CBS LATE MOVIE MONTH: The Traveling Executioner (1970)

EDITOR’S NOTE: The Traveling Executioner was on the CBS Late Movie on January 9, 1974 and April 9 and August 21, 1975.

ABOUT THE AUTHOR: A.C. Nicholas, who has a sketchy background and hails from parts unknown in Western Pennsylvania, was once a drive-in theater projectionist and disk jockey, Currently, in addition to being a writer, editor, podcaster, and voice-over artist, he contributes to Drive-In Asylum. His first article, “Grindhouse Memories Across the U.S.A.,” was published in issue #23. He’s also written “I Was a Teenage Drive-in Projectionist” and “Emanuelle in Disney World and Other Weird Tales of a Trash Film Lover” for upcoming issues.

One of the classic tropes of American cinema is that of the snake-oil salesman, traveling the South at the turn of the last century in a medicine wagon and touting god-knows-what in a bottle that will cure everything from piles to anemia. The Traveling Executioner, an obscure, oddball film from 1970, subverts that trope into an unforgettable existential character study.

In 1918, Jonas Candide, an ex-carny and ex-con, played by Stacy Keach in the performance of a lifetime, travels the Deep South with his own electric chair. (Don’t question how a portable electric chair without a way to charge its generator would work; just go with it.) Acting as a private executioner, Candide sends convicts to the next life for $100 a pop. Candide is not a bloodthirsty villain but rather a charming rogue whose greatest gift is his ability to put the condemned at ease in their final moments. Before throwing the switch, he spins a story of how he was contacted through a medium by a man he executed who told of how wonderful the afterlife is—fields of Ambrosia. Hearing this story, the condemned pass on with a smile on their face, soon to go to a better life.

Candide is good at what he does, and all is well until one day he learns he’s scheduled to execute a German brother and sister convicted of murder. He falls head over heels in love with the sister played by Drive-In Asylum favorite Marianna Hill. From that moment on, Candide hatches as many schemes as he can in to save his love from his traveling chair. As you can imagine for a movie from the 70s, in E.C Comics fashion, it doesn’t end well.

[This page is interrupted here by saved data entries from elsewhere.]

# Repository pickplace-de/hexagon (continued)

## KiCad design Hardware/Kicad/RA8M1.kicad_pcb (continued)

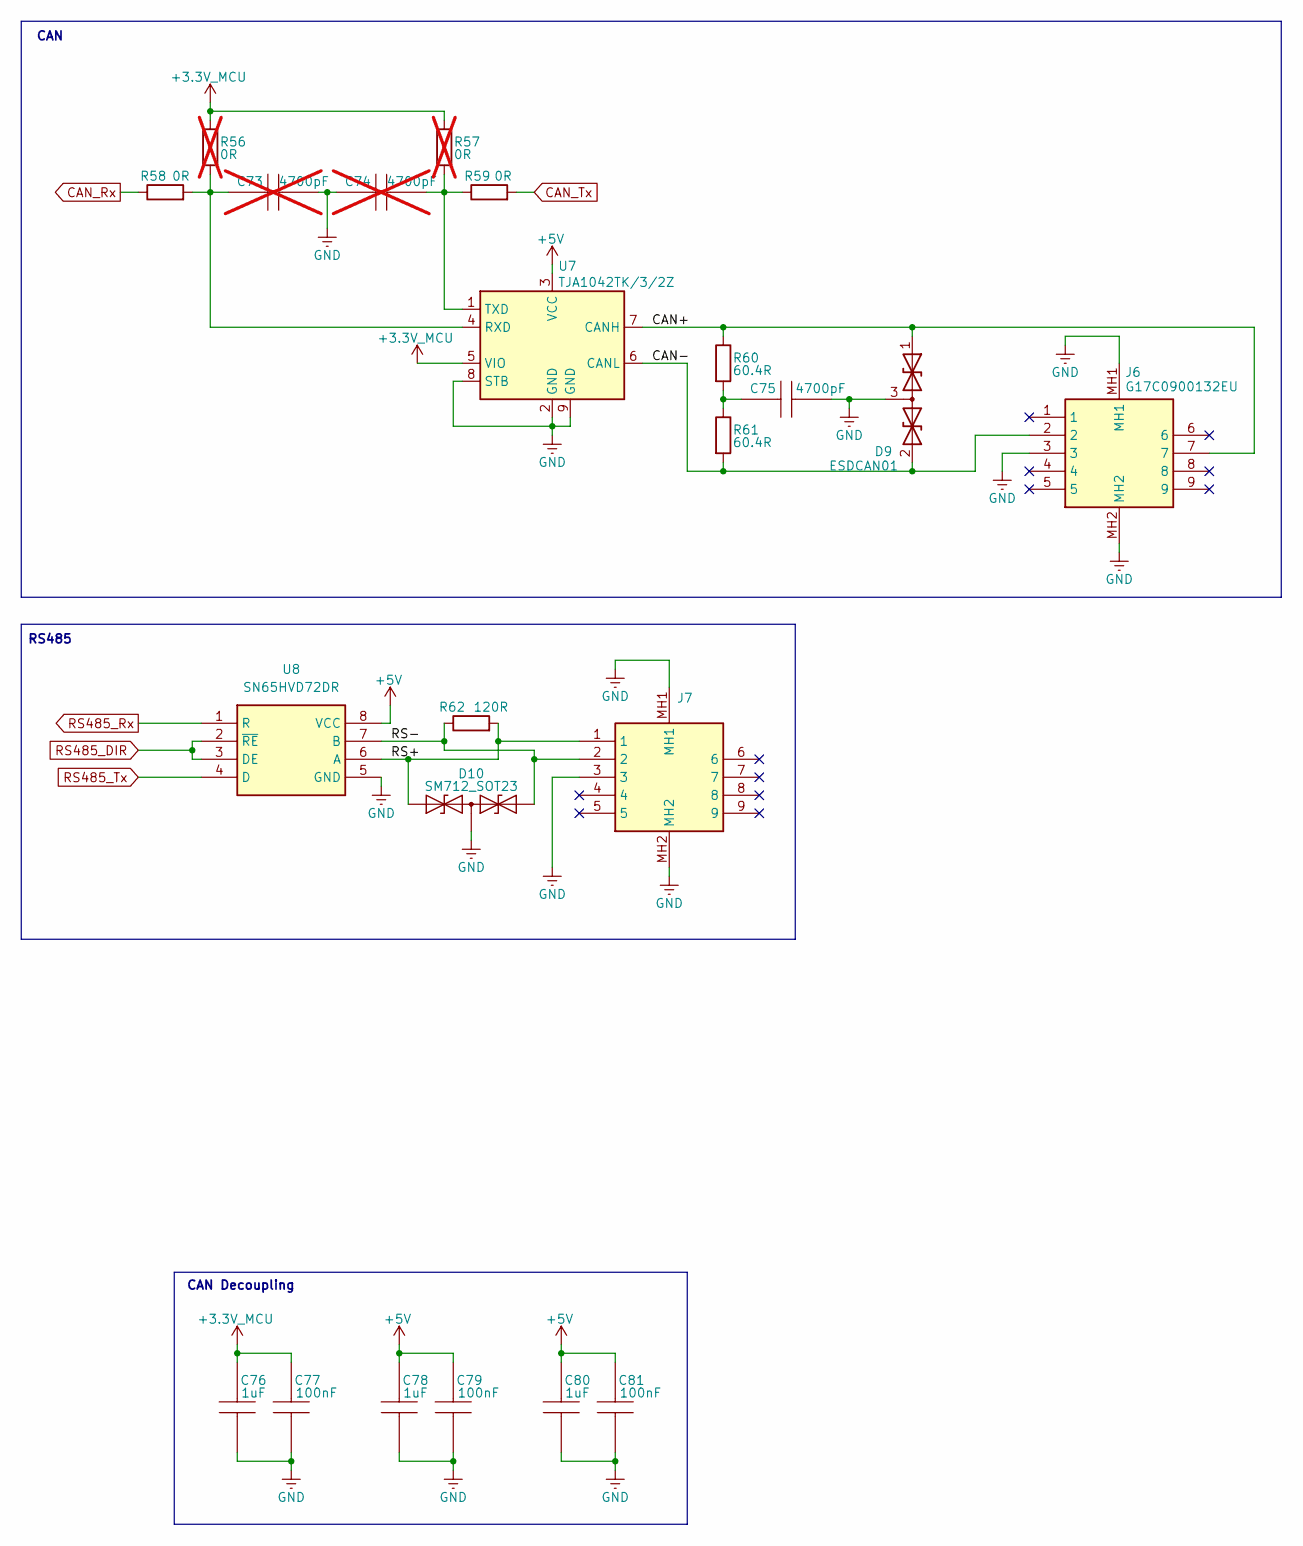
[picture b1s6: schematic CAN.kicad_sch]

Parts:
C73, C74: 4700pF; C_0603_1608Metric; MPN 885012104008; not fitted
C75: 4700pF; C_0603_1608Metric; MPN 885012104008
C76, C78, C80: 1uF; C_0402_1005Metric; MPN 885012105006
C77, C79, C81: 100nF; C_0402_1005Metric; MPN 885012205092
D9: ESDCAN01; TSOT-23
D10: SM712_SOT23; SOT-23
J6, J7: G17C0900132EU; Mouser Part Number 523-G17C0900132EU
R56, R57: 0R; R_0402_1005Metric; MPN 560112110001; not fitted
R58, R59: 0R; R_0402_1005Metric; MPN 560112110001
R60, R61: 60.4R; R_0402_1005Metric; MPN 560112110170
R62: 120R; R_0402_1005Metric; MPN 560112110001
U7: TJA1042TK/3/2Z; DFN-8-1EP_3x3mm_P0.65mm_EP1.55x2.4mm; MPN TJA1042TK/3/2Z
U8: SN65HVD72DR; SOIC127P600X175-8N; Mouser Part Number 595-SN65HVD72DR

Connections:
+3.3V_MCU: C76.2, C77.2, R56.1, R57.1, U7.5 (VIO); also elsewhere on the board
+5V: C78.2, C79.2, C80.2, C81.2, U7.3 (VCC), U8.8 (VCC); also elsewhere on the board
/CAN & RS485/CAN+: D9.1 (A1), J6.7, R60.1, U7.7 (CANH)
/CAN & RS485/CAN-: D9.2 (A2), J6.2, R61.2, U7.6 (CANL)
/CAN & RS485/RS+: D10.1 (A1), J7.1, R62.2, U8.6 (A)
/CAN & RS485/RS-: D10.2 (A2), J7.2, R62.1, U8.7 (B)
CAN_Rx: R58.1; also elsewhere on the board
CAN_Tx: R59.2; also elsewhere on the board
GND: C73.1, C74.2, C75.1, C76.1, C77.1, C78.1, C79.1, C80.1, C81.1, D9.3 (common), D10.3 (common), J6.3, J6.MH1, J6.MH2, J7.3, J7.MH1, J7.MH2, U7.2 (GND), U7.8 (STB), U7.9 (GND), U8.5 (GND); also elsewhere on the board
unnamed: C75.2, R60.2, R61.1
unnamed: C73.2, R56.2, R58.2, U7.4 (RXD)
unnamed: C74.1, R57.2, R59.1, U7.1 (TXD)
RS485_DIR: U8.2 (~RE), U8.3 (DE); also elsewhere on the board
RS485_Rx: U8.1 (R); also elsewhere on the board
RS485_Tx: U8.4 (D); also elsewhere on the board

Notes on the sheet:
CAN Decoupling
CAN
RS485

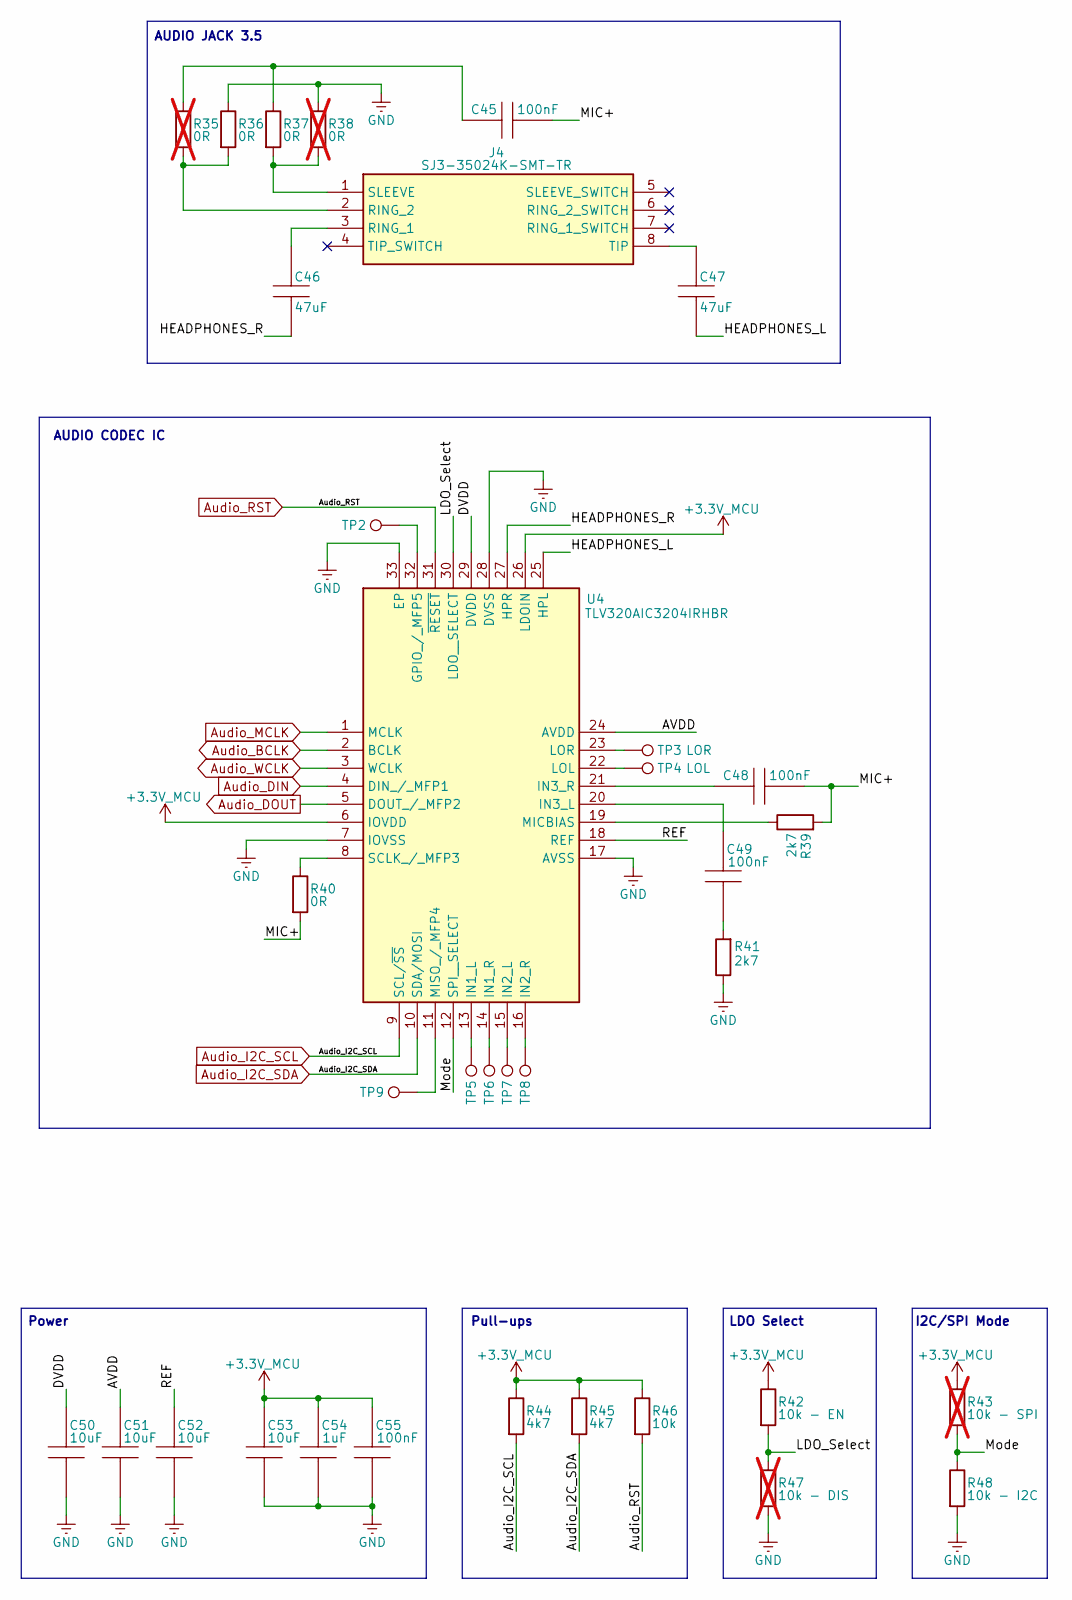
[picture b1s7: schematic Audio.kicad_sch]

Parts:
C45, C48, C49, C55: 100nF; C_0402_1005Metric; MPN 885012205092
C46, C47: 47uF; C_0805_2012Metric; MPN 885012107006
C50, C51, C52, C53: 10uF; C_0402_1005Metric; MPN 885012105020
C54: 1uF; C_0402_1005Metric; MPN 885012105006
J4: SJ3-35024K-SMT-TR; SJ335024KSMTTR; Mouser Part Number 179-SJ3-35024K-SMTTR
R35, R38: 0R; R_0402_1005Metric; MPN 560112110001; not fitted
R36, R37, R40: 0R; R_0402_1005Metric; MPN 560112110001
R39, R41: 2k7; R_0402_1005Metric; MPN 560112110266
R42: 10k - EN; R_0402_1005Metric; MPN 560112110020
R43: 10k - SPI; R_0402_1005Metric; MPN 560112110020; not fitted
R44, R45: 4k7; R_0402_1005Metric; MPN 560112110245
R46: 10k; R_0402_1005Metric; MPN 560112110020
R47: 10k - DIS; R_0402_1005Metric; MPN 560112110020; not fitted
R48: 10k - I2C; R_0402_1005Metric; MPN 560112110020
TP2, TP5, TP6, TP7, TP8, TP9: TestPoint_0.5mm
TP3: LOR; TestPoint_0.5mm
TP4: LOL; TestPoint_0.5mm
U4: TLV320AIC3204IRHBR; QFN50P500X500X100-33N-D; Mouser Part Number 595-V320AIC3204IRHBR

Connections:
+3.3V_MCU: C53.2, C54.2, C55.2, R42.1, R43.1, R44.1, R45.1, R46.1, U4.6 (IOVDD), U4.26 (LDOIN); also elsewhere on the board
/Audio/AVDD: C51.2, U4.24 (AVDD)
/Audio/DVDD: C50.2, U4.29 (DVDD)
/Audio/HEADPHONES_L: C47.2, U4.25 (HPL)
/Audio/HEADPHONES_R: C46.2, U4.27 (HPR)
/Audio/LDO_Select: R42.2, R47.1, U4.30 (LDO__SELECT)
/Audio/MIC+: C45.1, C48.1, R39.2, R40.2
/Audio/Mode: R43.2, R48.1, U4.12 (SPI__SELECT)
/Audio/REF: C52.2, U4.18 (REF)
Audio_BCLK: U4.2 (BCLK); also elsewhere on the board
Audio_DIN: U4.4 (DIN_/_MFP1); also elsewhere on the board
Audio_DOUT: U4.5 (DOUT_/_MFP2); also elsewhere on the board
Audio_I2C_SCL: R44.2, U4.9 (SCL/~SS); also elsewhere on the board
Audio_I2C_SDA: R45.2, U4.10 (SDA/MOSI); also elsewhere on the board
Audio_MCLK: U4.1 (MCLK); also elsewhere on the board
Audio_RST: R46.2, U4.31 (~RESET); also elsewhere on the board
Audio_WCLK: U4.3 (WCLK); also elsewhere on the board
GND: C50.1, C51.1, C52.1, C53.1, C54.1, C55.1, R36.1, R38.1, R41.1, R47.2, R48.2, U4.7 (IOVSS), U4.17 (AVSS), U4.28 (DVSS), U4.33 (EP); also elsewhere on the board
unnamed: C45.2, R35.1, R37.1
unnamed: C49.1, R41.2
unnamed: C46.1, J4.3 (RING_1)
unnamed: J4.2 (RING_2), R35.2, R36.2
unnamed: J4.1 (SLEEVE), R37.2, R38.2
unnamed: C47.1, J4.8 (TIP)
unnamed: TP2.1, U4.32 (GPIO_/_MFP5)
unnamed: TP5.1, U4.13 (IN1_L)
unnamed: TP6.1, U4.14 (IN1_R)
unnamed: TP7.1, U4.15 (IN2_L)
unnamed: TP8.1, U4.16 (IN2_R)
unnamed: C49.2, U4.20 (IN3_L)
unnamed: C48.2, U4.21 (IN3_R)
unnamed: TP4.1, U4.22 (LOL)
unnamed: TP3.1, U4.23 (LOR)
unnamed: R39.1, U4.19 (MICBIAS)
unnamed: TP9.1, U4.11 (MISO_/_MFP4)
unnamed: R40.1, U4.8 (SCLK_/_MFP3)

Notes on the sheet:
LDO Select
AUDIO JACK 3.5
AUDIO CODEC IC
Power
I2C/SPI Mode
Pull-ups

The Traveling Executioner is one of the oddest, yet most unforgettable movies I’ve ever seen. Everything about it stamps it as a classy production. It was the only screenplay written by 21-year-old University of Southern California film student Garrie Bateson. And while the screenplay has a whiff of film-student earnestness and an ending that you’ll see coming early on, it nonetheless makes a serious impression. Directing with a sure hand was journeyman Jack Smight, who has Frankenstein: The True Story, The Illustrated Man and Damnation Alley among his credits. The dusty, depressing look of the film was the work of ace cinematographer, two-time Oscar nominee Philip Lathrop. Maestro Jerry Goldsmith supplied the score. Adding to the film’s cache are nice early supporting turns by M. Emmet Walsh, as a warden, and Bud Cort, as a mortician and Candide’s assistant. Things look and play like a late-period Western without the gunfights.

But the real joy here is watching the stage actor Stacy Keach giving it his all in an early film role. He’s a sympathetic protagonist even when he resorts to unsavory measures in the name of love. For me, Keach, later to make his mark on TV as the definitive Mike Hammer, has always been an underrated talent. Casting him in this role was a masterstroke.

MGM had no clue how to market The Traveling Executioner, which everybody describes as a “black comedy.” It’s not. At its heart, it’s a serious art film with some exploitation trappings. Indeed, the gauche, heavy-handed ad campaign promising unbridled fun did nothing to sell it to audiences. But then again, I can’t think of how any ad campaign could capture the film’s unique tone. Despite a few good reviews, it had a short, disastrous theatrical release in the fall of 1970. Afterward, apart from a few showings on The CBS Late Movie, it vanished and was almost impossible to see for decades. It finally became available on a DVD burn from Warner Archives in 2011, but it has yet to find its own fields of Ambrosia, a cult following. I wish Quentin Tarantino and Roger Avary would feature it on the Video Archives podcast. It’s a great film with a singularly great central performance awaiting rediscovery.

Epilogue. Unbelievably, in 1993, The Traveling Executioner was adapted into a stage musical, The Fields of Ambrosia. Despite some good reviews, the 1996 London show closed after only 23 performances. Déjà vu.